In the course of the research for “Ghosts in the Machine” we tried to familiarize ourselves with different display strategies adopted by the artists included in the exhibition. At the center of “Ghosts in the Machine” is a reconstruction of Richard Hamilton’s “Man, Machine and Motion.” This ante-litteram environmental installation, first shown at the Hatton Gallery in Newcastle, UK, in 1955, composes a three-dimensional photo-essay that illustrates how technology establishes new spatial and optical experiences. Hamilton often stressed that important exhibitions are the ones that create a new sense of space; this is certainly true of his “Man, Machine and Motion.”

Gianni Colombo, Spazio Elastico [Elastic Space], 1967–68. Elastic cord, black light, electric motor. Courtesy Archive Gianni Colombo, Milan. Installation view: “Ghosts in the Machine,” New Museum.
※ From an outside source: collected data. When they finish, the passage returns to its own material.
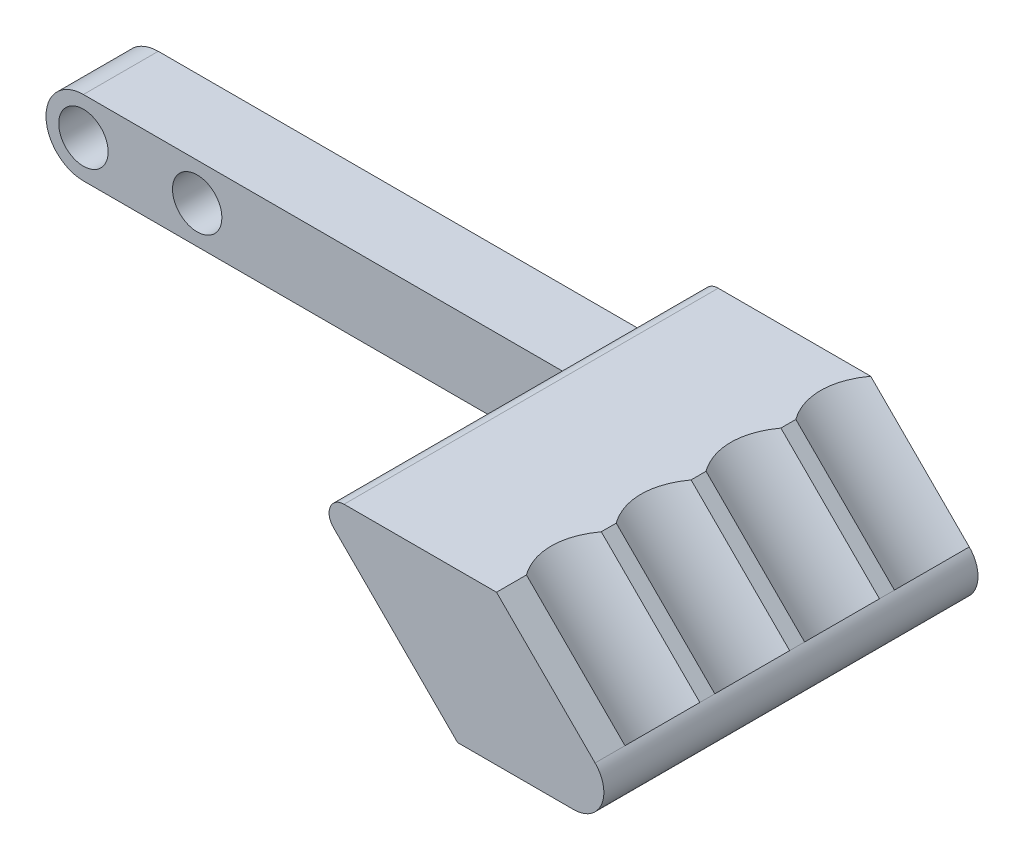
SolidWorks part; units mm, degrees
ref_plane "前视基准面" through (0, 0, 0) normal (0, 0, 1) x (1, 0, 0)
ref_plane "上视基准面" through (0, 0, 0) normal (0, 1, 0) x (1, 0, 0)
ref_plane "右视基准面" through (0, 0, 0) normal (1, 0, 0) x (0, 0, -1)
other "Configuration Table"
sketch "Sketch2" plane through (0, 0, 0) normal (0, 0, 1) x (1, 0, 0)
  line L0 (0, 2.5) -> (40, 2.5)
  line L1 (0, -2.5) -> (57.6, -2.5)
  line L2 (40, 2.5) -> (35, 7.5)
  line L3 (57.6, -2.5) -> (61.3114, 1.2114)
  line L4 (57.6, -2.5) -> (47.6, 7.5)
  line L5 (35, 7.5) -> (47.6, 7.5)
  circle A0 centre (0, 0) radius 1.65
  circle A1 centre (0, 0) radius 2.5
  circle A2 centre (7.6, 0) radius 1.65
  point P12 (0, 0)
  dimension "D1" = 3.3
  dimension "D2" = 5
  dimension "D8" = 3.3
  dimension "D9" = 7.6
  dimension "D3" = 45
  dimension "D4" = 135
  dimension "D5" = 57.6
  dimension "D6" = 40
  dimension "D7" = 5
extrude "Boss-Extrude1" add sketch "Sketch2" along normal blind 5 contours A1 A0 | A1 L1 L4 L5 L2 L0
fillet "Fillet1" radius 2 1 edges at (57.6, -2.5, 2.5)
fillet "Fillet2" radius 1 1 edges at (40, 2.5, 2.5)
fillet "Fillet3" radius 1 1 edges at (35, 7.5, 2.5)
ref_plane "Plane1" through (26.6358, -26.6358, 0) normal (0.7071, -0.7071, 0) x (0, 0, -1)
sketch "Sketch3" plane through (26.6358, -26.6358, 0) normal (0.7071, -0.7071, 0) x (0, 0, -1)
  line L0 (-5, 38.9616) -> (0, 38.9616) construction
  circle A0 centre (-2.5, 43.8606) radius 5.5
  point P3 (0, 0)
  point P6 (-2.5, 38.9616)
  point P7 (0, 0)
  dimension "D1" = 11
extrude "Cut-Extrude1" cut sketch "Sketch3" against normal blind 34
sketch "Sketch4" plane through (0, 0, 5) normal (0, 0, 1) x (1, 0, 0)
  line L0 (37.4142, 7.5) -> (47.6, 7.5) construction
  line L1 (54.1858, 0.9142) -> (47.6, 7.5) construction
  line L2 (38.2929, 4.2071) -> (36.7071, 5.7929) construction
  line L3 (37.4142, 7.5) -> (47.6, 7.5)
  line L4 (54.1858, 0.9142) -> (47.6, 7.5)
  line L5 (38.2929, 4.2071) -> (36.7071, 5.7929)
  line L6 (38.2929, 4.2071) -> (45, -2.5)
  line L7 (52.7716, -2.5) -> (45, -2.5)
  arc A0 (52.7716, -2.5) -> (54.1858, 0.9142) centre (52.7716, -0.5) ccw construction
  arc A1 (37.4142, 7.5) -> (36.7071, 5.7929) centre (37.4142, 6.5) ccw construction
  arc A2 (52.7716, -2.5) -> (54.1858, 0.9142) centre (52.7716, -0.5) ccw
  arc A3 (37.4142, 7.5) -> (36.7071, 5.7929) centre (37.4142, 6.5) ccw
extrude "Boss-Extrude2" add sketch "Sketch4" along normal blind 20
pattern_linear "LPattern1" count 4 spacing 6 along (0, 0, 1) of "Cut-Extrude1"
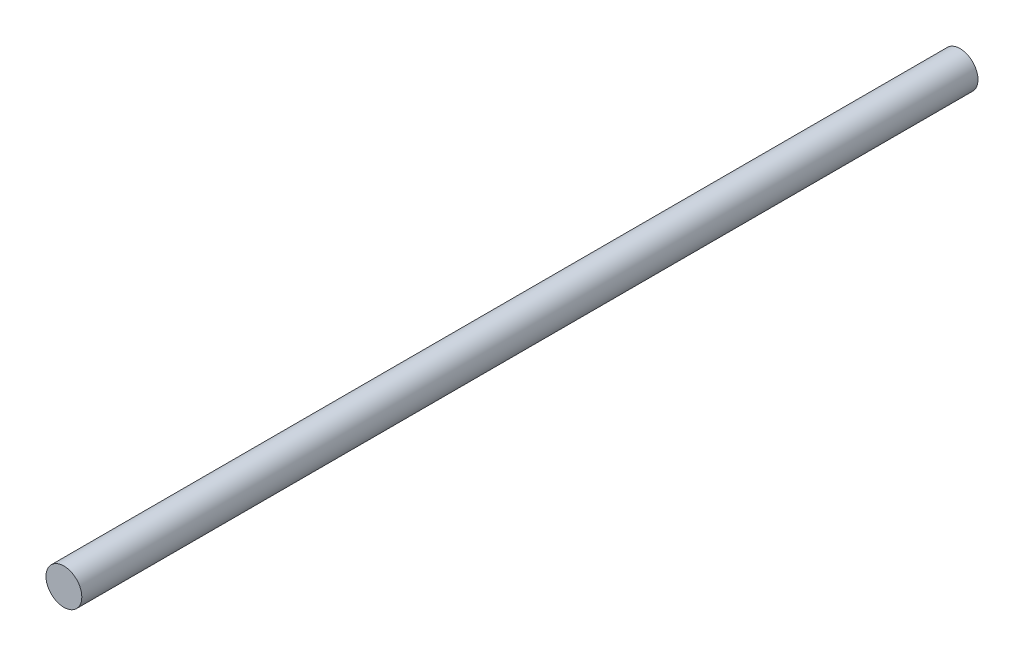
SolidWorks part; units mm, degrees
material "1.2083 (X42Cr13)"
ref_plane "Alzado" through (0, 0, 0) normal (0, 0, 1) x (1, 0, 0)
ref_plane "Planta" through (0, 0, 0) normal (0, 1, 0) x (1, 0, 0)
ref_plane "Vista lateral" through (0, 0, 0) normal (1, 0, 0) x (0, 0, -1)
sketch "Croquis1" plane through (0, 0, 0) normal (0, 0, 1) x (1, 0, 0)
  circle A0 centre (0, 0) radius 6
  dimension "D1" = 12
extrude "Saliente-Extruir1" add sketch "Croquis1" along normal blind 300
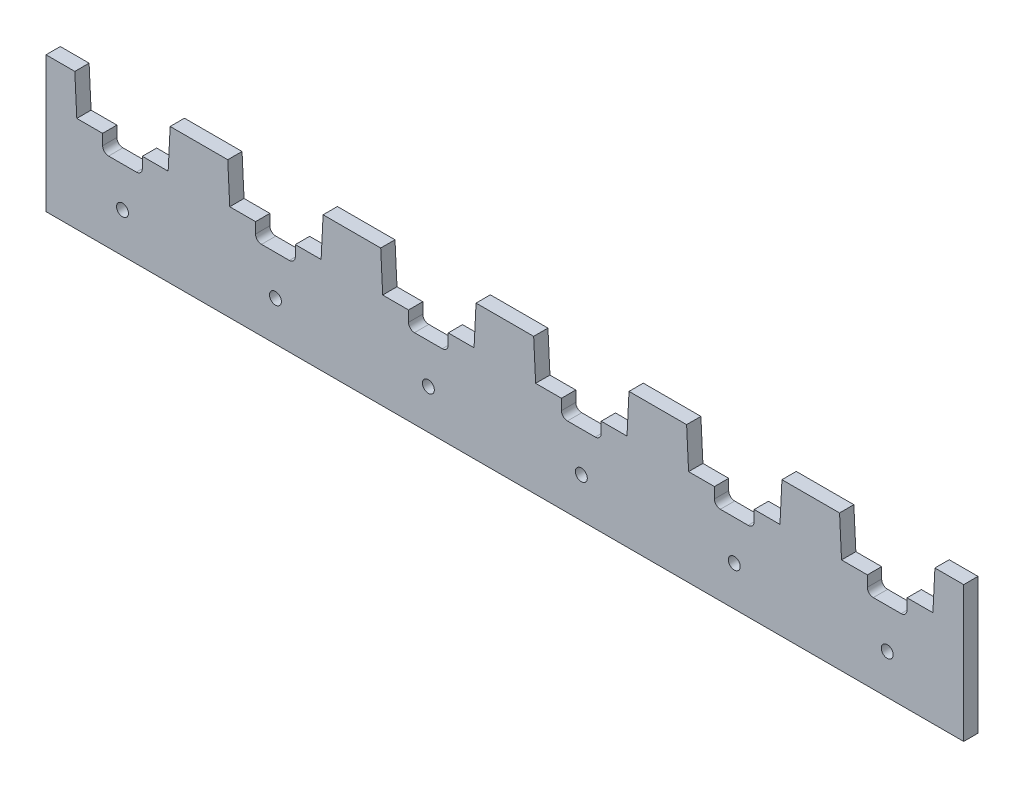
SolidWorks part; units mm, degrees
ref_plane "Front Plane" through (0, 0, 0) normal (0, 0, 1) x (1, 0, 0)
ref_plane "Top Plane" through (0, 0, 0) normal (0, 1, 0) x (1, 0, 0)
ref_plane "Right Plane" through (0, 0, 0) normal (1, 0, 0) x (0, 0, -1)
sketch "Sketch1" plane through (0, 0, 0) normal (0, 0, 1) x (1, 0, 0)
  line L0 (0, 0) -> (19.25, 0) construction
  line L1 (0, 0) -> (-19.25, 0) construction
  line L2 (-19.25, 0) -> (-19.25, -20)
  line L3 (-19.25, -20) -> (19.25, -20)
  line L4 (19.25, -20) -> (19.25, 0)
  line L5 (0, 0) -> (0, -20) construction
  line L6 (-19.25, 0) -> (-19.25, 14.2)
  line L7 (-19.25, 14.2) -> (-12, 14.2)
  line L8 (-12, 14.2) -> (-11.5, 4.2)
  line L9 (-11.5, 4.2) -> (11.5, 4.2)
  line L10 (11.5, 4.2) -> (12, 14.2)
  line L11 (12, 14.2) -> (19.25, 14.2)
  line L12 (19.25, 14.2) -> (19.25, 0)
  line L13 (0, 0) -> (0, 4.2) construction
  line L15 (-5, 4.2) -> (5, 4.2)
  line L16 (-5, 4.2) -> (-5, 0)
  line L17 (-5, 0) -> (5, 0)
  line L18 (5, 4.2) -> (5, 0)
  circle A0 centre (0, -10) radius 1.5
  point P11 (0, 0)
  dimension "D6" = 3
  dimension "D1" = 0.5
  dimension "D2" = 38.5
  dimension "D3" = 23
  dimension "D4" = 4.2
  dimension "D5" = 10
  dimension "D7" = 20
  dimension "D8" = 10
extrude "Boss-Extrude1" add sketch "Sketch1" along normal blind 3.6 contours L9 L18 L17 L16 L8 L7 L6 L2 L3 L4 L12 L11 L10 A0
fillet "Fillet1" radius 1.5 2 edges at (5, 0, 1.8) (-5, 0, 1.8)
pattern_linear "LPattern2" count 6 spacing 38.5 along (1, 0, 0) of "Boss-Extrude1", "Fillet1"
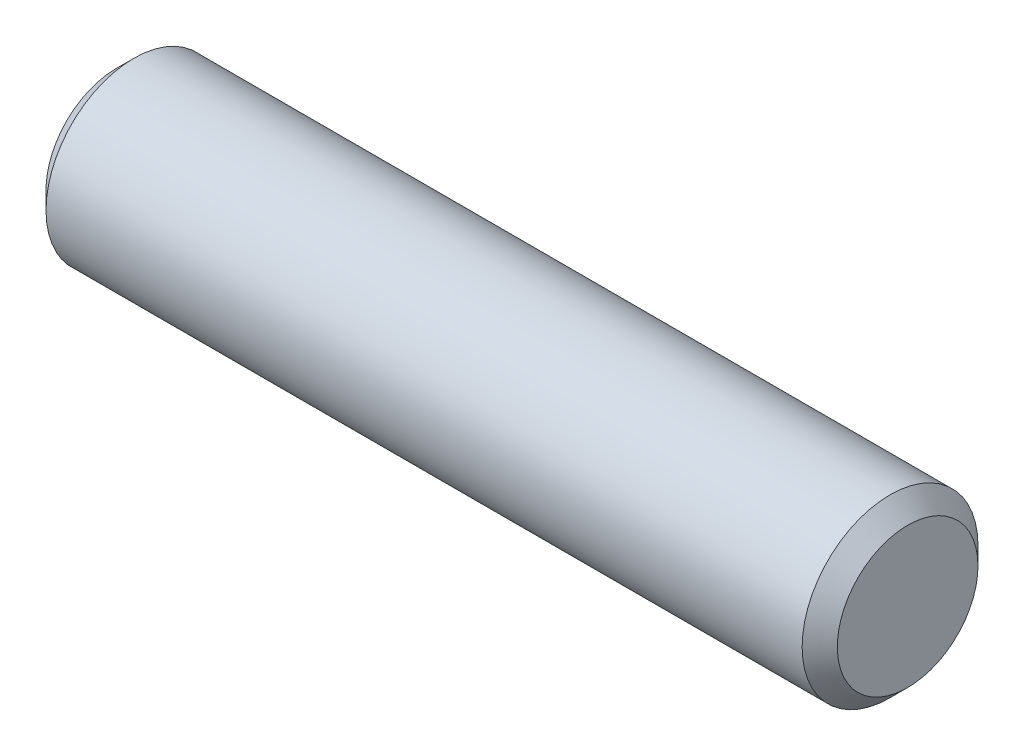
SolidWorks part; units mm, degrees
ref_plane "Front" through (0, 0, 0) normal (0, 0, 1) x (1, 0, 0)
ref_plane "Top" through (0, 0, 0) normal (0, 1, 0) x (1, 0, 0)
ref_plane "Right" through (0, 0, 0) normal (1, 0, 0) x (0, 0, -1)
sketch "Sketch1" plane through (0, 0, 0) normal (0, 0, 1) x (1, 0, 0)
  line L0 (-7.1438, 0) -> (7.1438, 0) construction
  line L1 (7.1438, 1.5875) -> (7.1438, -1.5875) construction
  line L2 (-7.1438, 1.5875) -> (-7.1438, -1.5875) construction
  dimension "Length" = 14.2875
  dimension "Diameter" = 3.175
sketch "Sketch2" plane through (0, 0, 0) normal (1, 0, 0) x (0, 0, -1)
  circle A0 centre (0, 0) radius 1.5875
extrude "Extrude1" add sketch "Sketch2" against normal up to vertex (7.1437 mm away) and the other way up to vertex (7.1437 mm away) up to point (-7.1438, 1.5875, 0) other way up to point (7.1438, 1.5875, 0)
chamfer "Chamfer1" distance 0.3175 angle 45 2 edges at (7.1438, 0, -1.5875) (-7.1438, 0, -1.5875)
equation "\"D1@Chamfer1\" = \"Diameter@Sketch1\"*.1"
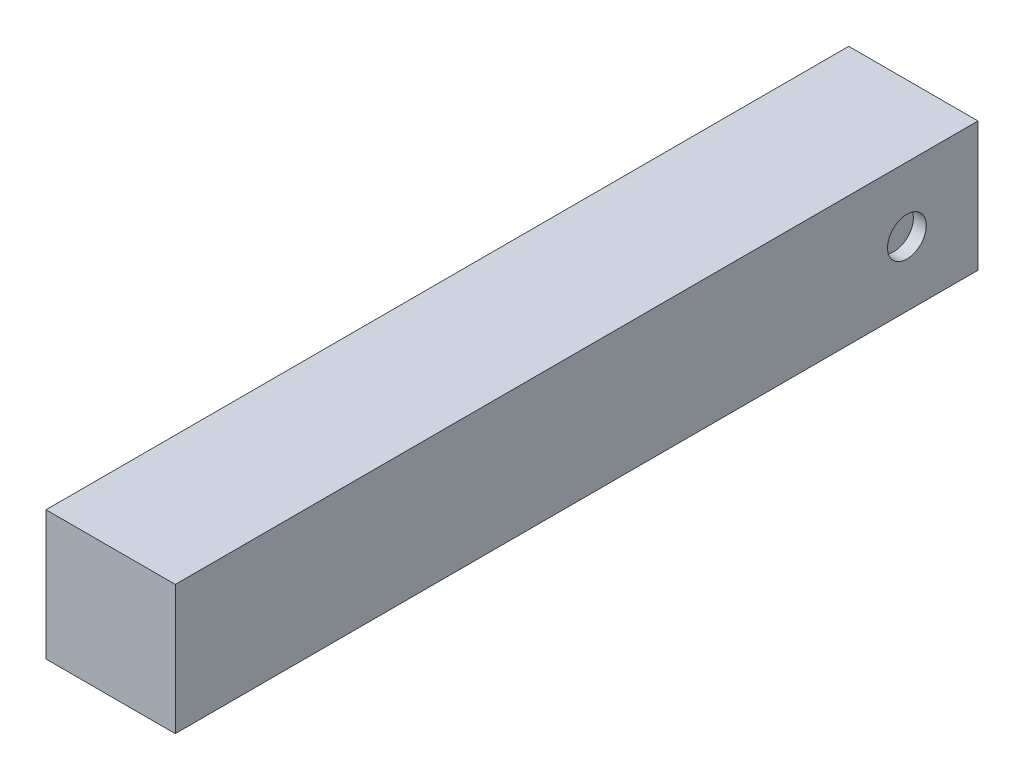
SolidWorks part; units mm, degrees
ref_plane "Front" through (0, 0, 0) normal (0, 0, 1) x (1, 0, 0)
ref_plane "Top" through (0, 0, 0) normal (0, 1, 0) x (1, 0, 0)
ref_plane "Right" through (0, 0, 0) normal (1, 0, 0) x (0, 0, -1)
sketch "草图1" plane through (0, 0, 0) normal (1, 0, 0) x (0, 0, -1)
  line L0 (-14.1759, 10) -> (-14.176, -10)
  line L1 (-14.1759, 10) -> (110, 10)
  line L3 (-14.176, -10) -> (110, -10)
  line L4 (110, 10) -> (110, -10)
  dimension "D2" = 20
  dimension "D3" = 110
  dimension "D4" = 10
extrude "凸台-拉伸1" add sketch "草图1" along normal blind 20
sketch "草图2" plane through (0, 0, -110) normal (0, 0, -1) x (-1, 0, 0)
  circle A0 centre (-10, 0) radius 6
extrude "切除-拉伸1" cut sketch "草图2" against normal blind 80
sketch "草图3" plane through (20, 0, 0) normal (1, 0, 0) x (0, 0, -1)
  line L0 (110, -10) -> (110, 10) construction
  circle A0 centre (99, 0) radius 3
  dimension "D1" = 11
extrude "切除-拉伸2" cut sketch "草图3" against normal blind 2

Photo: Benoit Pailley

Many of the artists included in “Ghosts in the Machine” exhibited together in a series of shows in Zagreb beginning in 1961, which were organized under the label of “Nouvelle Tendance” [New Tendency]. Nouvelle Tendance brought together kinetic sculptors, optical painters, as well as members of numerous different groups such as ZERO, Gruppo N and Gruppo T, and Equipo 57. These Nouvelle Tendance artists researched different strategies to push painting beyond the confines of the canvas. In fact, in the exhibitions they organized, paintings were often hung on unusual supports and devices: Propped up in the center of the space, they rarely hung on walls, as if to stress their objectivity, their sculptural and physical presence, in an apparent refusal of the illusionistic qualities of traditional painting.

One of the exhibitions we studied more closely was “The Responsive Eye”—the survey of Optical art and perceptual abstraction organized by the Museum of Modern Art, New York, in 1965. This was the show that simultaneously consecrated and sentenced to death an entire movement. The exhibition became such a cultural phenomenon that it was even captured on film by a very young Brian De Palma. The film is now available online and is the ideal departure point for a trip across the history of exhibitions.